Questa traduzione/traslazione la opereranno i proletari nella prassi, senza porsi tante questioni epistemologiche: nel Mezzogiorno l’autonomia dell’interesse di classe e dei bisogni di massa non ha bisogno di adattarsi al “calco” operaista, ma lo reinventa, ne forza il perimetro costringendo le stesse soggettività organizzate a ridefinire se stesse in rapporto ad una movimentazione sociale ricchissima e radicale. Raccontare quel clima è difficile e necessario. E per provare a farlo, gli autori si affidano a molti contributi, di taglio e registro assai differente (per soddisfare ogni palato). Contributi di alto profilo, quali quello di Lanfranco Caminiti, che racconta della nascita di Primi Fuochi di Guerriglia, il tentativo di praticare il “diritto alla guerra” dentro l’oppressione stagnante della società meridionale e rifondare una dialettica nuova tra iniziativa armata e pratica di massa, tra soggettività autonoma e comunità/territori.

Indicare lo Stato come nemico, indirizzare contro lo Stato la sintesi dell’antagonismo al Sud, non sarebbe stato un «valore aggiunto» – accadeva già. Il fatto nuovo, a noi sembrava, era che le funzioni dello Stato si andavano dislocando dentro la società, i corpi intermedi e la distribuzione dei poteri, e una semplificazione società vs. Stato o classe vs. Stato non coglieva le modificazioni. Bisognava perciò «portare» l’antagonismo dentro la società, dentro la statualizzazione della società; cioè, dentro una dinamica, un processo, e non una struttura e le sue articolazioni. (…) Non eravamo clandestini. Con quella stessa faccia facevamo assemblee e rapine, riunioni e attentati. In guerra, d’altronde, si combatte a viso aperto. (pag. 96)
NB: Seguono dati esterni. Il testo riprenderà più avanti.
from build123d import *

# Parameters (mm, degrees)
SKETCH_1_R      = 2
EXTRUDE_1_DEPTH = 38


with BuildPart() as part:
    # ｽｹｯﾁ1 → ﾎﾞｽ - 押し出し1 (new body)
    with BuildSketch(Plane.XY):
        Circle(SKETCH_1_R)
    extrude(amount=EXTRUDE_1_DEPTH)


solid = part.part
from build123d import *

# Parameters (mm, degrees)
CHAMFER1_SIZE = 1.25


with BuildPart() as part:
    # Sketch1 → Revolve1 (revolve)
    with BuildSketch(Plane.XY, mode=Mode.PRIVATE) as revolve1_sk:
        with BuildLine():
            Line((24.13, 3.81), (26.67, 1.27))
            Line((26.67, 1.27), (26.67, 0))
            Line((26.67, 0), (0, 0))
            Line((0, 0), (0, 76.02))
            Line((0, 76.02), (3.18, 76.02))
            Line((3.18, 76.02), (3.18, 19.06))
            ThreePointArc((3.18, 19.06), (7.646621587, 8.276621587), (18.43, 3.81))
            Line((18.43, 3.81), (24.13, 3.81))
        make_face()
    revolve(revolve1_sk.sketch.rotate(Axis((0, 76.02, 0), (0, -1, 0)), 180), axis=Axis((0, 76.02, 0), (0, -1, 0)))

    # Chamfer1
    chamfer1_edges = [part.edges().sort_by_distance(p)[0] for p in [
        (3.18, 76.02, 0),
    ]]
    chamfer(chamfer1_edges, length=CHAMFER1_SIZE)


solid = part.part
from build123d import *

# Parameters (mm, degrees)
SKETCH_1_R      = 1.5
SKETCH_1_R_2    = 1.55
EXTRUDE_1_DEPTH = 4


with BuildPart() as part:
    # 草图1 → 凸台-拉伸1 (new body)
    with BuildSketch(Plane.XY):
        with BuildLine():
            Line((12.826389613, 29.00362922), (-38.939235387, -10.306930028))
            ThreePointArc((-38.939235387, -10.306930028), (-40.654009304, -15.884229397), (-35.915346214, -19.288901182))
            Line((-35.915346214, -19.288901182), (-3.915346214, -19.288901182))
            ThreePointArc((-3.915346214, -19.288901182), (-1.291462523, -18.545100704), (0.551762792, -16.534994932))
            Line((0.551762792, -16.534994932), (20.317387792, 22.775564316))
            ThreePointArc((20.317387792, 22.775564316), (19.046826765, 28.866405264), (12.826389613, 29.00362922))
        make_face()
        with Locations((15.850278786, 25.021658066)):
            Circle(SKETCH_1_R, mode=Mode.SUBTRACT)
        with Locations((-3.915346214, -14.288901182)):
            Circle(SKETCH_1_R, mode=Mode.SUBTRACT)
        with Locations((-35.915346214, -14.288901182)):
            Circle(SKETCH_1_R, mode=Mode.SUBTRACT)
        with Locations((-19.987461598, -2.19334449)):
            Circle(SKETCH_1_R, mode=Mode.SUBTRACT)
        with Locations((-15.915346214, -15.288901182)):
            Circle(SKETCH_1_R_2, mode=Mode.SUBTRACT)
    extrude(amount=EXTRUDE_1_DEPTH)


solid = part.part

Napoli, all’inizio degli anni ’70, è comunque la quarta città industriale d’Italia. E l’Italsider e l’Alfasud vengono pienamente investite dal vento dell’autunno caldo, della stagione dei consigli e dell’autonomia dei comportamenti operai in direzione del rifiuto del lavoro salariato – non come programma o teoria, ma come prassi ed esigenza di vita. Anche qui ci si interroga retoricamente sul rapporto tra lotte di fabbrica e lotte sociali: sono i contenuti del ’69 operaio a rovesciarsi sui quartieri, o al contrario, è la maturazione delle lotte popolari sul territorio, sul terreno della riproduzione e del reddito sociale, a tenere acceso il fuoco nei reparti della produzione industriale? In ogni caso, anche a Napoli alcuni grandi stabilimenti diventeranno scuole di comunismo per una generazione di quadri operai, sempre in bilico tra sindacalismo radicale e insurrezione.
Interessante, da questo punto di vista, il recupero della storia dimenticata dell’Unione Sindacale dei Comitati di Lotta, una rete di nuclei di fabbrica – ostili al nuovo corso consiliare post-69 – e riconducibile ad una piccola formazione marxista-leninista (guidata dal non dimenticato Gustavo Herman): paradossi napoletani, per raccontare l’autonomia, nel groviglio di storie, facce e processi, devi parlare degli emme-elle…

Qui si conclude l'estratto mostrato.